> _Problem to solve_
From the records below, set down exactly the lines starting with the line that contains "45.46334970572882, 329.3333120866723, 375)" and going on through the line that contains "14.58077425382918, 104.9999999999997, 133.1730355562346)". Nothing else is wanted.
Data provided below:
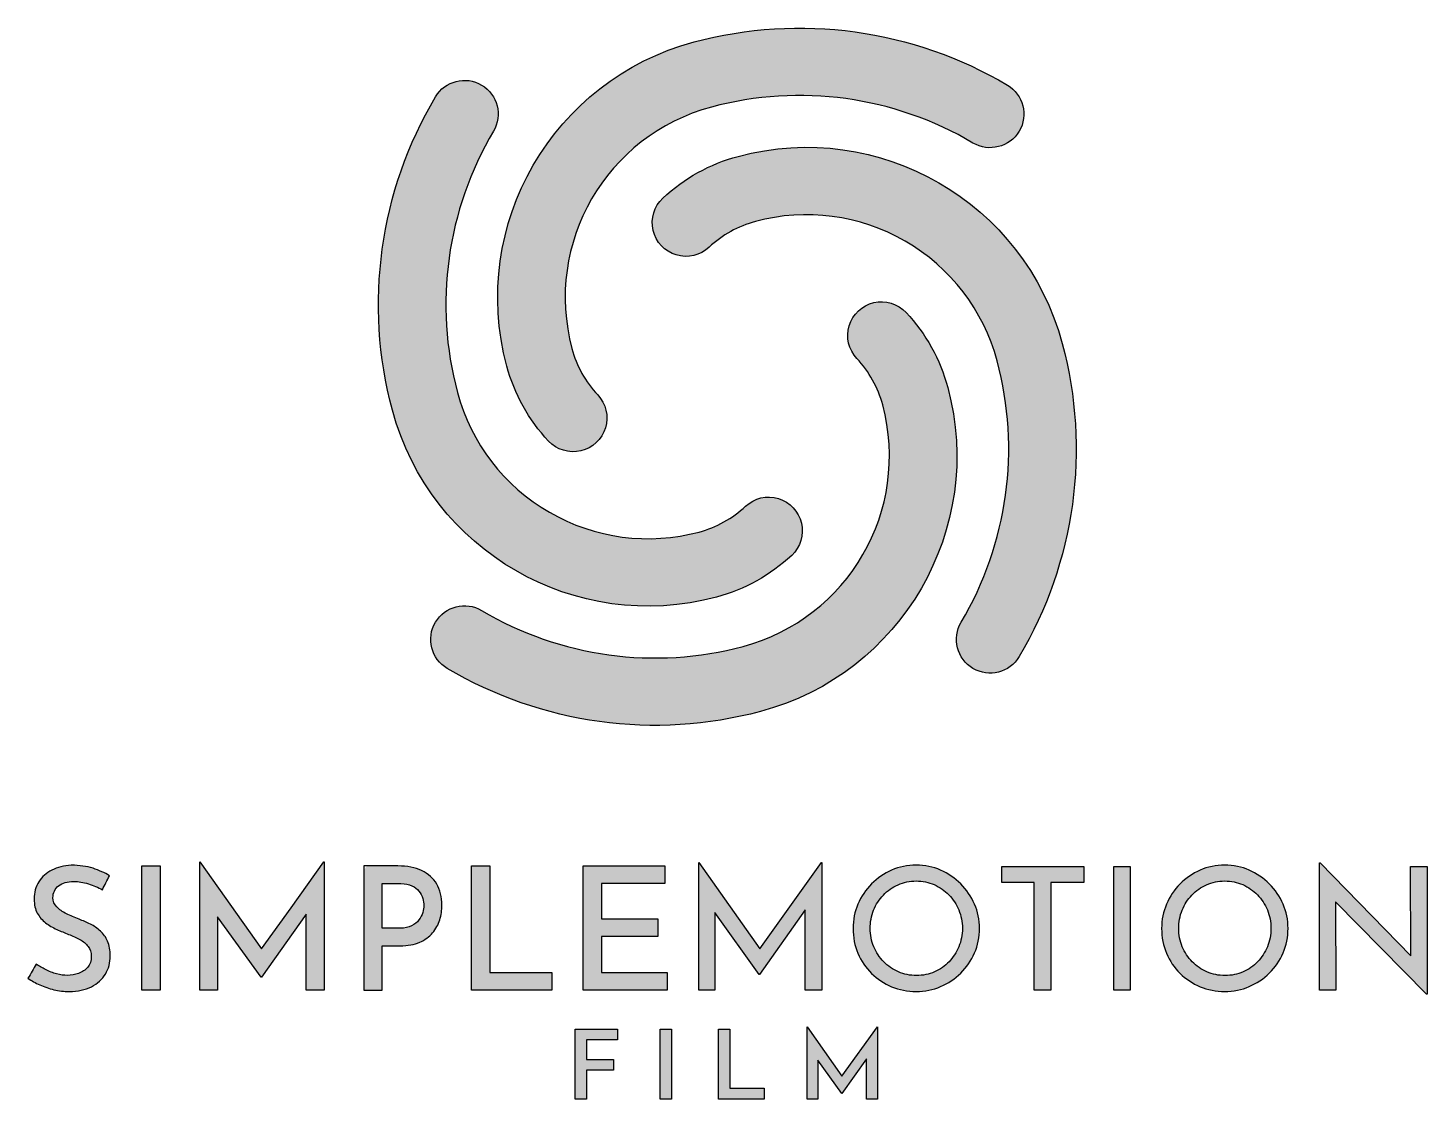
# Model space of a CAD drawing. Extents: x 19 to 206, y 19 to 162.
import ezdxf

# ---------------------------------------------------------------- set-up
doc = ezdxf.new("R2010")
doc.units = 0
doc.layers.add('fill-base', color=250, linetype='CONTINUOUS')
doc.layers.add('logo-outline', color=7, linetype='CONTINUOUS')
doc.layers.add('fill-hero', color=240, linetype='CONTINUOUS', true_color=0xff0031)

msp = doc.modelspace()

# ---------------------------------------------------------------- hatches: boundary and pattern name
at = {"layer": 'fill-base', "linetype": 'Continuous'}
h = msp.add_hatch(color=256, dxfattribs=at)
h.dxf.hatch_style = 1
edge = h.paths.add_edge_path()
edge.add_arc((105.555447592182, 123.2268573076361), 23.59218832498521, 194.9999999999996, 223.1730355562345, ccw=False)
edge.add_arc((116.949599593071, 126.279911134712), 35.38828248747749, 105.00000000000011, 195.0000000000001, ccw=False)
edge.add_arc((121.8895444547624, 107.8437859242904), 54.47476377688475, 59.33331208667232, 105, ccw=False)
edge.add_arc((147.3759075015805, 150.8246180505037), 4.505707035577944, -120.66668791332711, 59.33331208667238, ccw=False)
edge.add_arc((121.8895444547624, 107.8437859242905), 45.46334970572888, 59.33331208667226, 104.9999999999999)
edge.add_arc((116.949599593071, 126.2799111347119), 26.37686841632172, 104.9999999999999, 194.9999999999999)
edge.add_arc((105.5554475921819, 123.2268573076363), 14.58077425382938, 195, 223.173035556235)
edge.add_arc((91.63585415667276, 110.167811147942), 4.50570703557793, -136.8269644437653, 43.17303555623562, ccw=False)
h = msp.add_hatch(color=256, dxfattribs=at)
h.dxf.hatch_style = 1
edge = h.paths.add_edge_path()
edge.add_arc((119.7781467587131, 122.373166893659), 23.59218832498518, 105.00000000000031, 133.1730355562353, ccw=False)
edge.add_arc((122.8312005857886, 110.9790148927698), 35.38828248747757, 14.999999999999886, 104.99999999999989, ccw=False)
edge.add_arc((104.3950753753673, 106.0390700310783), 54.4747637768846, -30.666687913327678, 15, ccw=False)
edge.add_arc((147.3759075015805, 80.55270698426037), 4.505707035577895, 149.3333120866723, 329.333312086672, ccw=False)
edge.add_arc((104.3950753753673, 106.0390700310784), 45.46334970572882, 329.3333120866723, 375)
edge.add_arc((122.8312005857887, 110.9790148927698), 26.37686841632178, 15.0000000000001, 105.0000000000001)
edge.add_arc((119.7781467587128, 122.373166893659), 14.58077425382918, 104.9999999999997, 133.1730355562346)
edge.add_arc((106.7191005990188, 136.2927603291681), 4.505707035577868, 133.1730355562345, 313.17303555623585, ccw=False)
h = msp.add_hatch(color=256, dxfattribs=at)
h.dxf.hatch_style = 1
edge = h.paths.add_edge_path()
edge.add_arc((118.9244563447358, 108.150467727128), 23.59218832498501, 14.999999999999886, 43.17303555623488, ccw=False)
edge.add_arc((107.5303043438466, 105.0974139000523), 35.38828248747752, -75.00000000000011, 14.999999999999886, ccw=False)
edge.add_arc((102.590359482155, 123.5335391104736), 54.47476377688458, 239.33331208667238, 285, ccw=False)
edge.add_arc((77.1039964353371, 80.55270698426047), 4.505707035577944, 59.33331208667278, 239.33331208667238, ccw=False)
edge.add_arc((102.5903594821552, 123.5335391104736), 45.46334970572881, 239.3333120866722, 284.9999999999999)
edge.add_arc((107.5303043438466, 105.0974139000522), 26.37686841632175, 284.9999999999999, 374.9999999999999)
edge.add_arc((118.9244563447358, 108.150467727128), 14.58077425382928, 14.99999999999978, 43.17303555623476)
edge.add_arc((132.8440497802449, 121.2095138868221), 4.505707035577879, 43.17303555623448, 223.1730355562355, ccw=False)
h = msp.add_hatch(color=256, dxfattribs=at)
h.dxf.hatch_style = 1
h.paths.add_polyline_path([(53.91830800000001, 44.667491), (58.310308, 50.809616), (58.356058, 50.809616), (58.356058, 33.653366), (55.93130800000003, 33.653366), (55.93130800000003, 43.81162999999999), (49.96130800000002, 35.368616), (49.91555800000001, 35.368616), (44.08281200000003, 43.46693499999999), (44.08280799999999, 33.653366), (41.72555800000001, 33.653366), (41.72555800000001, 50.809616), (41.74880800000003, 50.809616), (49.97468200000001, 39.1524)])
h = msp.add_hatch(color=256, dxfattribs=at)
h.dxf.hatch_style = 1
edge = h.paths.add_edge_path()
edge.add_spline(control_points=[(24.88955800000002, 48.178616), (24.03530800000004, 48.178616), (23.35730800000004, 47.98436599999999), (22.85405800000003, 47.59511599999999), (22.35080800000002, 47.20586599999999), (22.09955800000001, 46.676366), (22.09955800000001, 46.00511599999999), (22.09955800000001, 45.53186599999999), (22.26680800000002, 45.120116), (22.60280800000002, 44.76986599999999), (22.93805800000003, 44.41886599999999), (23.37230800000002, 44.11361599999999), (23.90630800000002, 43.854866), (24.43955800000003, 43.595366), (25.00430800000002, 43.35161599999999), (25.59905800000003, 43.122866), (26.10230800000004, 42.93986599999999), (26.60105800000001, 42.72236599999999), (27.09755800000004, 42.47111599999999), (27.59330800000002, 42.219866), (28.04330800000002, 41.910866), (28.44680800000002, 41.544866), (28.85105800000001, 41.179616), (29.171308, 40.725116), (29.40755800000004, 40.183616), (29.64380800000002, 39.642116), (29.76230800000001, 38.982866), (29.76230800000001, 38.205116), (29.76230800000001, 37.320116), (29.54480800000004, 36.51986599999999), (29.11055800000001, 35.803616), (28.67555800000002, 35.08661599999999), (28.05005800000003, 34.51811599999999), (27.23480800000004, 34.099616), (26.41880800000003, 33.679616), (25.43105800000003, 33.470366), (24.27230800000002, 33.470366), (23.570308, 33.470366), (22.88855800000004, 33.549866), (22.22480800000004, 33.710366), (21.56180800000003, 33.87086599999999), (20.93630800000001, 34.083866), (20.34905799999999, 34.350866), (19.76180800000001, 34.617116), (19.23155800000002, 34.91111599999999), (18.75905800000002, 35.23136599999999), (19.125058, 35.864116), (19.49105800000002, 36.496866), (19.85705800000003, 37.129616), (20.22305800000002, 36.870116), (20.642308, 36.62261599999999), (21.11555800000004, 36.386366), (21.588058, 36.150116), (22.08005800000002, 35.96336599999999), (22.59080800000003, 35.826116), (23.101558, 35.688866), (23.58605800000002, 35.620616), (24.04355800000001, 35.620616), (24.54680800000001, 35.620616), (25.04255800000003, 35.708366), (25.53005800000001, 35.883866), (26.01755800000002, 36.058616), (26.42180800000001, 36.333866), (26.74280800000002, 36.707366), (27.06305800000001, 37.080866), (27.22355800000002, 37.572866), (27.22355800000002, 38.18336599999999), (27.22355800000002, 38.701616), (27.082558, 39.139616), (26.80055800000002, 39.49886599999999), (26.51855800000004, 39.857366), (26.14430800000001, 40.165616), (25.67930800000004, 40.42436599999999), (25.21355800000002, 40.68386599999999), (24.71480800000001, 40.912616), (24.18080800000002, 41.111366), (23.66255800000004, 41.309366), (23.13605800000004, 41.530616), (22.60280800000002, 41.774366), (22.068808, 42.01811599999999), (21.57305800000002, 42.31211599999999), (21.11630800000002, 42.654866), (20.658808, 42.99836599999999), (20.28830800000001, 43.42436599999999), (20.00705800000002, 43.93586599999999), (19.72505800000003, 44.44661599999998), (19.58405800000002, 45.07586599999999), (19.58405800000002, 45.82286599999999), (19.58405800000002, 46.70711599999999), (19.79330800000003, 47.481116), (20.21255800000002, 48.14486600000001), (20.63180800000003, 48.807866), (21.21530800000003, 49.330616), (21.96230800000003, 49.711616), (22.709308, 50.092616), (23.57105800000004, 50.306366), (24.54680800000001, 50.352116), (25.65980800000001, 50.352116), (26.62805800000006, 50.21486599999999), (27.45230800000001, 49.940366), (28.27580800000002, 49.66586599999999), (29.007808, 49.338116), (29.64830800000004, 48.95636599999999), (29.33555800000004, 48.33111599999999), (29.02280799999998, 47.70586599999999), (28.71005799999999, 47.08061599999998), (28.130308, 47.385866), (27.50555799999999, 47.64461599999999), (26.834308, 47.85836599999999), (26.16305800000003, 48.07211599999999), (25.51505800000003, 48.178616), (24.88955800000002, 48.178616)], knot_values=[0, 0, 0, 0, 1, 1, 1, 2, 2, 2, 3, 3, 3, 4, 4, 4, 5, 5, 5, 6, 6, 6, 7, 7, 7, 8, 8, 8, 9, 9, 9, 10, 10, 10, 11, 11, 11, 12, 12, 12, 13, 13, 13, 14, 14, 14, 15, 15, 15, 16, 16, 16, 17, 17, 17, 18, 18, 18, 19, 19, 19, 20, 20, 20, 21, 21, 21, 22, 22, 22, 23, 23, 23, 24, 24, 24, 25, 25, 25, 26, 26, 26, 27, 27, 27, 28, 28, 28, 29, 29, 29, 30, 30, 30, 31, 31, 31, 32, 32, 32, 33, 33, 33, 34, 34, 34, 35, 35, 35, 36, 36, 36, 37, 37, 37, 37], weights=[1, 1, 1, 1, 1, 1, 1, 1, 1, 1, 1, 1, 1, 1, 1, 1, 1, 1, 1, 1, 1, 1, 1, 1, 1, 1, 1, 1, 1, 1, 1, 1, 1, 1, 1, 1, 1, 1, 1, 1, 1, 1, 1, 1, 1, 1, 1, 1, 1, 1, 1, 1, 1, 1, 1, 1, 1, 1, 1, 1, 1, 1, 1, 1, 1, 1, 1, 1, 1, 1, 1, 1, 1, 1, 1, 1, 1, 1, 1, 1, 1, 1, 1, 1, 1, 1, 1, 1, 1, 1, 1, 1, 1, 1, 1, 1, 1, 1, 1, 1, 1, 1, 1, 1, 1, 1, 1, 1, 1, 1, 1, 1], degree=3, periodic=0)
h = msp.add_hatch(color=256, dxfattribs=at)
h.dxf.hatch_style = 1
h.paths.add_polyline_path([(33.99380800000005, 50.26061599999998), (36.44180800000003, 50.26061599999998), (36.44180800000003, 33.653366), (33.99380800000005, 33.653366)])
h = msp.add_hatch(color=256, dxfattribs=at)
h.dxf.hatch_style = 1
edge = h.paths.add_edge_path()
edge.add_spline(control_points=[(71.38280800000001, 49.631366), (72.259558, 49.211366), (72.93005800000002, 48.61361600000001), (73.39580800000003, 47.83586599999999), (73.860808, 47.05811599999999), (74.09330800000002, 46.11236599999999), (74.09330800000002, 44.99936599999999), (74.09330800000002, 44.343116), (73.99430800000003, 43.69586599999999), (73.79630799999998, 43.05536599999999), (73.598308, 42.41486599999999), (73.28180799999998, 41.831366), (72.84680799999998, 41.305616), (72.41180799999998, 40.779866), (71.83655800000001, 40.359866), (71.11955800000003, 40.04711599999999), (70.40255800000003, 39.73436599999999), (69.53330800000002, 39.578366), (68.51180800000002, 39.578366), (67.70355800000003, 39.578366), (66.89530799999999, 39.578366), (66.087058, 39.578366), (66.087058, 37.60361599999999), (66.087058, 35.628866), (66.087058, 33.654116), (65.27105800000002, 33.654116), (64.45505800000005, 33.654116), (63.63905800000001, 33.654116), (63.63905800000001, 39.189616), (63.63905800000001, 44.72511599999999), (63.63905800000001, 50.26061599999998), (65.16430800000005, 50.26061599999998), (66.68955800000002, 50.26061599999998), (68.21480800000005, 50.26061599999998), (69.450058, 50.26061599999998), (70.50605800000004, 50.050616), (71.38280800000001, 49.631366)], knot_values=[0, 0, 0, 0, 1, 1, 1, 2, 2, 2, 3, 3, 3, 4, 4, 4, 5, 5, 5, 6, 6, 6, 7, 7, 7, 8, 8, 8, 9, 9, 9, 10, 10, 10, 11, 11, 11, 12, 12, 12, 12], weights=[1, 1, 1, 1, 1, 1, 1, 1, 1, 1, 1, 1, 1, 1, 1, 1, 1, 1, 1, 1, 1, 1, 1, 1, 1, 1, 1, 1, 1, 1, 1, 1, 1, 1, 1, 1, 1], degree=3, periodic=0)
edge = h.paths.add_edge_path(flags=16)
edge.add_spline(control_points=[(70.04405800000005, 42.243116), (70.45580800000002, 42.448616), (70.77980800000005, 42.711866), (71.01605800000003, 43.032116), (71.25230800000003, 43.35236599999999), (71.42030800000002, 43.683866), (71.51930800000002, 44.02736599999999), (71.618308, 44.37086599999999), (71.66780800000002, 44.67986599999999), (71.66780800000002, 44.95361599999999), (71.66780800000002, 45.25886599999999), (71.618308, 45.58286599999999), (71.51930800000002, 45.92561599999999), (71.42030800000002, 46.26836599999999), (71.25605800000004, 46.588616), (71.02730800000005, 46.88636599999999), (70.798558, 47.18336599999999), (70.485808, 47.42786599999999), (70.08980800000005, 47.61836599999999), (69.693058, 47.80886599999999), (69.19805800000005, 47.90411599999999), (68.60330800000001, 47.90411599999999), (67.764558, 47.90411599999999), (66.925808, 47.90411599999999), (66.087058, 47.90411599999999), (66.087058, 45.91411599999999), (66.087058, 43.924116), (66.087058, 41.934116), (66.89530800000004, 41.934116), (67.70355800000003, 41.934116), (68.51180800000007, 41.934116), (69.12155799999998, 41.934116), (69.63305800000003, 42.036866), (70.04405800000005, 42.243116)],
End of Data provided.
> _Result for this task_
edge.add_arc((104.3950753753673, 106.0390700310784), 45.46334970572882, 329.3333120866723, 375)
edge.add_arc((122.8312005857887, 110.9790148927698), 26.37686841632178, 15.0000000000001, 105.0000000000001)
edge.add_arc((119.7781467587128, 122.373166893659), 14.58077425382918, 104.9999999999997, 133.1730355562346)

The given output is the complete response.